C’est Christian Boltanski qui accueille les visiteurs avec une série de chaises installées dans le jardin, à l’entrée du musée. Dans la continuité de ses personnages vêtus de noir, exposés en d’autres lieux, dont le Mac/Val de Vitry au printemps, qui interrogent le visiteur, les chaises questionnent : quelle est ta tristesse, quel est ton remords ?

Une vision superbement plastique et inquiète

Boltanski se tient encore ici sur le lieu du passage entre la vie et la mort, Dan.s la plus grande salle du musée, avec des personnages de plus de trois mètres de haut, Orlan a installé trois nouvelles sculptures dans la veine de celles qu’elle avait exposées à l’abbaye de Maubuisson. Des sculptures comme des vêtements sortis de tableaux baroques mais habillant du vide, des corps fantômes. C’est ici comme une réponse à cette monumentalité des personnages héroïques de Bourdelle. Jean-Luc Moulène est aussi, dans une réponse à cette monumentalité avec plusieurs petites sculptures comme Adam, petit modèle, Guerrier allongé au glaive, petit modèle également… Une photo d’homme au corps fragile : Manuel Joseph nu. une sculpture aussi, réalisée à partir d’un corset orthopédique. Chez Jean-Luc Moulène, les héros sont fatigués et leur temps est passé. Dans les caves où dorment des titans, Claude Lévêque les a éclairés avec les projecteurs d’un enfer immobile.

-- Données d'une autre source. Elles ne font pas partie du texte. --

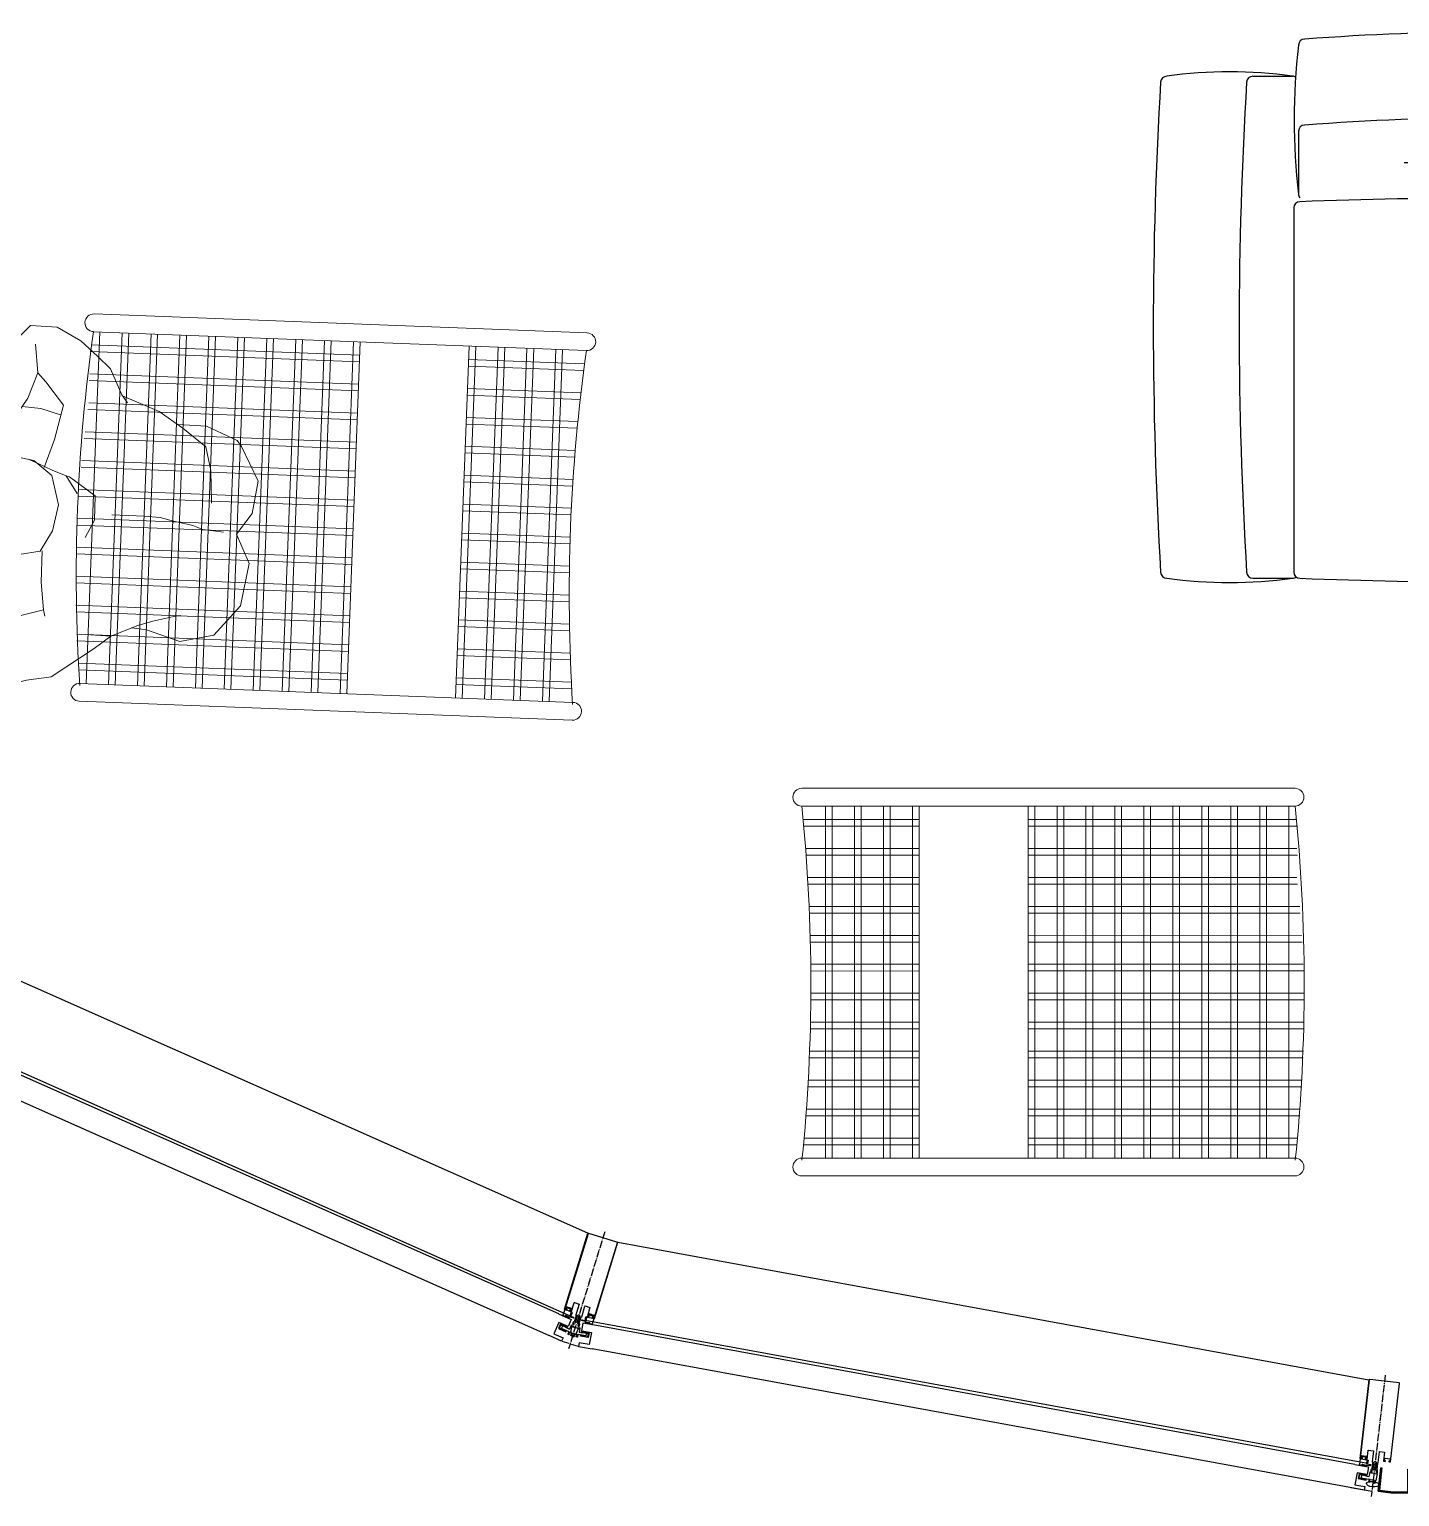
# Model space of a CAD drawing. Header units: millimetres. Extents: x 5429406 to 5440208, y -620941 to -619789.
# Drawn here: x 5432884 to 5433107.6, y -620817.4 to -620578 of the extents above; entities that cross this region are included whole.
import ezdxf

# ---------------------------------------------------------------- set-up
doc = ezdxf.new("R2010")
doc.units = ezdxf.units.MM
doc.header["$LTSCALE"] = 0.05
doc.linetypes.add('ACAD_ISO04W100', pattern=[30, 24, -3, 0, -3])
for name, color, linetype in [('aksoy_aks', 1, 'ACAD_ISO04W100'), ('aksoy_aksesuar', 31, 'Continuous'), ('aksoy_cam', 4, 'Continuous'), ('aksoy_profil', 40, 'Continuous'), ('aksoy_silikon', 1, 'Continuous'), ('LINEE', 7, 'Continuous'), ('N_Kes-Profil', 52, 'Continuous'), ('N_Mlz-Fitil', 10, 'Continuous')]:
    doc.layers.add(name, color=color, linetype=linetype)
for name, color, linetype, lineweight in [('aksoy_bant', 1, 'Continuous', 5), ('TEFRIS', 251, 'Continuous', 9), ('tefriş', 45, 'Continuous', 18)]:
    doc.layers.add(name, color=color, linetype=linetype, lineweight=lineweight)

# ---------------------------------------------------------------- blocks, each defined once
blk = doc.blocks.new('A$C7E651983')
at = {"layer": 'aksoy_aksesuar'}
for p, q in [((-14.8, 4.3), (-14.8, 0.5)), ((-9.8, 4.6), (-14.5, 4.6)), ((-14.5, 0.2), (-1.9, 0.2)), ((-9.1, 4.1), (-9.4, 4.5)), ((-2.9, 4.1), (-9.1, 4.1)), ((-2.7, 11.3), (-2.7, 4.3)), ((-2.1, 11.5), (-2.5, 11.5)), ((-1.9, 10.9), (-1.9, 11.3)), ((9.3, 10.7), (-1.7, 10.7)), ((-1.7, 0), (-1.7, -4)), ((-0.2, -3.1), (-0.2, 0)), ((0, 0.2), (7.6, 0.2)), ((7.8, 0), (7.8, -3.1)), ((9.3, -4), (9.3, 0)), ((9.5, 11.3), (9.5, 10.9)), ((9.5, 0.2), (10.1, 0.2)), ((10.1, 11.5), (9.7, 11.5)), ((10.3, 0.4), (10.3, 11.3)), ((-1.4, -4.3), (-1.2, -4.3)), ((-1.2, -4.3), (0.3, -4.3)), ((0.6, -3.1), (-0.2, -3.1)), ((0.6, -4), (0.6, -3.1)), ((7.8, -3.1), (7, -3.1)), ((7, -3.1), (7, -4)), ((7.3, -4.3), (8.8, -4.3)), ((8.8, -4.3), (9, -4.3))]:
    blk.add_line(p, q, dxfattribs=at)
for centre, radius, start, end in [((-14.5, 4.3), 0.3, 90, 180), ((-14.5, 0.5), 0.3, 180, 270), ((-9.8, 4.1), 0.5, 45, 90), ((-2.9, 4.3), 0.2, 270, 0), ((-2.5, 11.3), 0.2, 90, 180), ((-2.1, 11.3), 0.2, 0, 90), ((-1.7, 10.9), 0.2, 180, 270), ((-1.9, 0), 0.2, 0, 90), ((0, 0), 0.2, 90, 180), ((7.6, 0), 0.2, 0, 90), ((9.3, 10.9), 0.2, 270, 0), ((9.5, 0), 0.2, 90, 180), ((9.7, 11.3), 0.2, 90, 180), ((10.1, 11.3), 0.2, 0, 90), ((10.1, 0.4), 0.2, 270, 0), ((-1.4, -4), 0.3, 180, 270), ((0.3, -4), 0.3, 270, 0), ((7.3, -4), 0.3, 180, 270), ((9, -4), 0.3, 270, 0)]:
    blk.add_arc(centre, radius, start, end, dxfattribs=at)
blk = doc.blocks.new('A$C1CF42471')
at = {"layer": 'aksoy_bant', "elevation": 0}
for points in [[(16.5, -9.3), (5, -12.9), (4.7, -11.9), (16.2, -8.4)], [(13.7, -17.5), (6.1, -19.8), (5.8, -18.9), (13.4, -16.6)]]:
    blk.add_lwpolyline(points, close=True, dxfattribs=at)
at = {"layer": 'aksoy_cam'}
blk.add_lwpolyline([(21.5, 6.6), (0, 0), (3.8, -12.2), (19.5, -7.3), (25.4, -26.4), (9.7, -31.3), (11.4, -37), (32.9, -30.4)], dxfattribs=at)
at = {"layer": 'N_Kes-Profil', "elevation": 0}
blk.add_lwpolyline([(15.8, -10.6), (4.4, -14.1), (4.1, -13.1), (16.5, -9.3), (18.8, -16.9), (6.4, -20.8), (6.1, -19.8), (17.6, -16.3)], close=True, dxfattribs=at)
at = {"layer": 'aksoy_cam', "extrusion": (0, 0, -1), "zscale": -0.9999999999999998, "rotation": 342.8183150884626}
blk.add_blockref('A$C7E651983', (0.1, -20.7), dxfattribs=at)
blk = doc.blocks.new('saeffsfasfadsafsd')
at = {"layer": 'TEFRIS', "linetype": 'ByBlock'}
for p, q in [((5431984.33, -623484.37), (5431984.33, -623503.32)), ((5431985.42, -623484.48), (5431985.42, -623503.32)), ((5431989.05, -623484.78), (5431989.05, -623503.32)), ((5432036.32, -623484.53), (5432036.32, -623503.32)), ((5432037.41, -623484.44), (5432037.41, -623503.32)), ((5431990.14, -623484.87), (5431990.14, -623503.32)), ((5431993.78, -623485.11), (5431993.78, -623503.32)), ((5431994.87, -623485.18), (5431994.87, -623503.32)), ((5431998.51, -623485.36), (5431998.51, -623503.32)), ((5431999.6, -623485.41), (5431999.6, -623503.32)), ((5432003.23, -623485.54), (5432003.23, -623503.32)), ((5432004.32, -623485.56), (5432004.32, -623503.32)), ((5432007.96, -623485.63), (5432007.96, -623503.32)), ((5432009.05, -623485.64), (5432009.05, -623503.32)), ((5432012.68, -623485.64), (5432012.68, -623503.32)), ((5432013.77, -623485.64), (5432013.77, -623503.32)), ((5432017.41, -623485.58), (5432017.41, -623503.32)), ((5432018.5, -623485.55), (5432018.5, -623503.32)), ((5432022.14, -623485.44), (5432022.14, -623503.32)), ((5432023.23, -623485.39), (5432023.23, -623503.32)), ((5432026.86, -623485.21), (5432026.86, -623503.32)), ((5432027.95, -623485.15), (5432027.95, -623503.32)), ((5432031.59, -623484.91), (5432031.59, -623503.32)), ((5432032.68, -623484.83), (5432032.68, -623503.32)), ((5431982.15, -623488.05), (5432039.59, -623488.05)), ((5431982.15, -623489.14), (5432039.59, -623489.14)), ((5431982.15, -623492.77), (5432039.59, -623492.77)), ((5431982.15, -623493.86), (5432039.59, -623493.86)), ((5431982.15, -623497.5), (5432039.59, -623497.5)), ((5431982.15, -623498.59), (5432039.59, -623498.59)), ((5431982.15, -623502.22), (5432039.59, -623502.22)), ((5431982.15, -623503.32), (5432039.59, -623503.32)), ((5431982.15, -623521.09), (5432039.59, -623521.09)), ((5431982.15, -623522.18), (5432039.59, -623522.18)), ((5431984.33, -623521.09), (5431984.33, -623564.97)), ((5431985.42, -623521.09), (5431985.42, -623565.08)), ((5431989.05, -623521.09), (5431989.05, -623564.97)), ((5431990.14, -623521.09), (5431990.14, -623565.08)), ((5431993.78, -623521.09), (5431993.78, -623564.97)), ((5431994.87, -623521.09), (5431994.87, -623565.08)), ((5431998.51, -623521.09), (5431998.51, -623565.41)), ((5431999.6, -623521.09), (5431999.6, -623565.49)), ((5432003.23, -623521.09), (5432003.23, -623565.74)), ((5432004.32, -623521.09), (5432004.32, -623565.8)), ((5432007.96, -623521.09), (5432007.96, -623565.97)), ((5432009.05, -623521.09), (5432009.05, -623566.01)), ((5432012.68, -623521.09), (5432012.68, -623566.09)), ((5432013.78, -623521.09), (5432013.78, -623566.1)), ((5432017.41, -623521.09), (5432017.41, -623566.1)), ((5432018.5, -623521.09), (5432018.5, -623566.09)), ((5432022.14, -623521.09), (5432022.14, -623566.01)), ((5432023.23, -623521.09), (5432023.23, -623565.97)), ((5432026.86, -623521.09), (5432026.86, -623565.8)), ((5432027.95, -623521.09), (5432027.95, -623565.74)), ((5432031.59, -623521.09), (5432031.59, -623565.49)), ((5432032.68, -623521.09), (5432032.68, -623565.41)), ((5432036.32, -623521.09), (5432036.32, -623565.08)), ((5432037.41, -623521.09), (5432037.41, -623564.97)), ((5431982.15, -623525.82), (5432039.59, -623525.82)), ((5431982.15, -623526.91), (5432039.59, -623526.91)), ((5431982.15, -623530.54), (5432039.59, -623530.54)), ((5431982.15, -623531.63), (5432039.59, -623531.63)), ((5431982.15, -623535.27), (5432039.59, -623535.27)), ((5431982.15, -623536.36), (5432039.59, -623536.36)), ((5431982.15, -623540), (5432039.59, -623540)), ((5431982.15, -623541.09), (5432039.59, -623541.09)), ((5431982.15, -623544.72), (5432039.59, -623544.72)), ((5431982.15, -623545.81), (5432039.59, -623545.81)), ((5431982.15, -623549.45), (5432039.59, -623549.45)), ((5431982.15, -623550.54), (5432039.59, -623550.54)), ((5431982.15, -623554.17), (5432039.59, -623554.17)), ((5431982.15, -623555.27), (5432039.59, -623555.27)), ((5431982.15, -623558.9), (5432039.59, -623558.9)), ((5431982.15, -623559.99), (5432039.59, -623559.99)), ((5431982.15, -623563.63), (5432039.59, -623563.63))]:
    blk.add_line(p, q, dxfattribs=at)
for centre in [(5432011.19, -623201.49), (5432011.19, -623281.99)]:
    blk.add_arc(centre, 284.16, 264.1333, 275.8044, dxfattribs=at)
at = {"layer": 'tefriş'}
for p, q in [((5431979.24, -623484.16), (5431979.24, -623564.65)), ((5431982.15, -623484.16), (5431982.15, -623564.73)), ((5432039.59, -623564.73), (5432039.59, -623484.16)), ((5432042.5, -623564.65), (5432042.5, -623484.16)), ((5431980.69, -623566.11), (5431980.69, -623566.11)), ((5432041.04, -623566.11), (5432041.04, -623566.11))]:
    blk.add_line(p, q, dxfattribs=at)
for centre, start, end in [((5431980.69, -623484.16), 0, 180), ((5432041.04, -623484.16), 0, 180), ((5431980.69, -623564.65), 180, 0), ((5432041.04, -623564.65), 180, 0)]:
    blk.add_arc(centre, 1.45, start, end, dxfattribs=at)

Mais faute d’évoquer les œuvres de chacun des artistes présents, il faut aller droit à ceux (celles) qui, à notre sens, marquent le plus ce parcours. Sur un balcon où une frise évoque la danse et Isadora Duncan, Élisabeth Ballet a aligné des rails de métal laqué dans un mouvement de fuite en avant, vers l’extérieur, qui nous emporte. Dans les salles du bas, Tania Mouraud projette une vidéo de la plus grande casse d’Europe, avec ses amas de métal, ses grues, ses wagons. Une vision superbement plastique et véhiculant une lourde inquiétude. Au musée Bourdelle, les hommes aussi sont très fatigués.

Musée Bourdelle. www.bourdelle.Paris.fr, jusqu’au 19 septembre.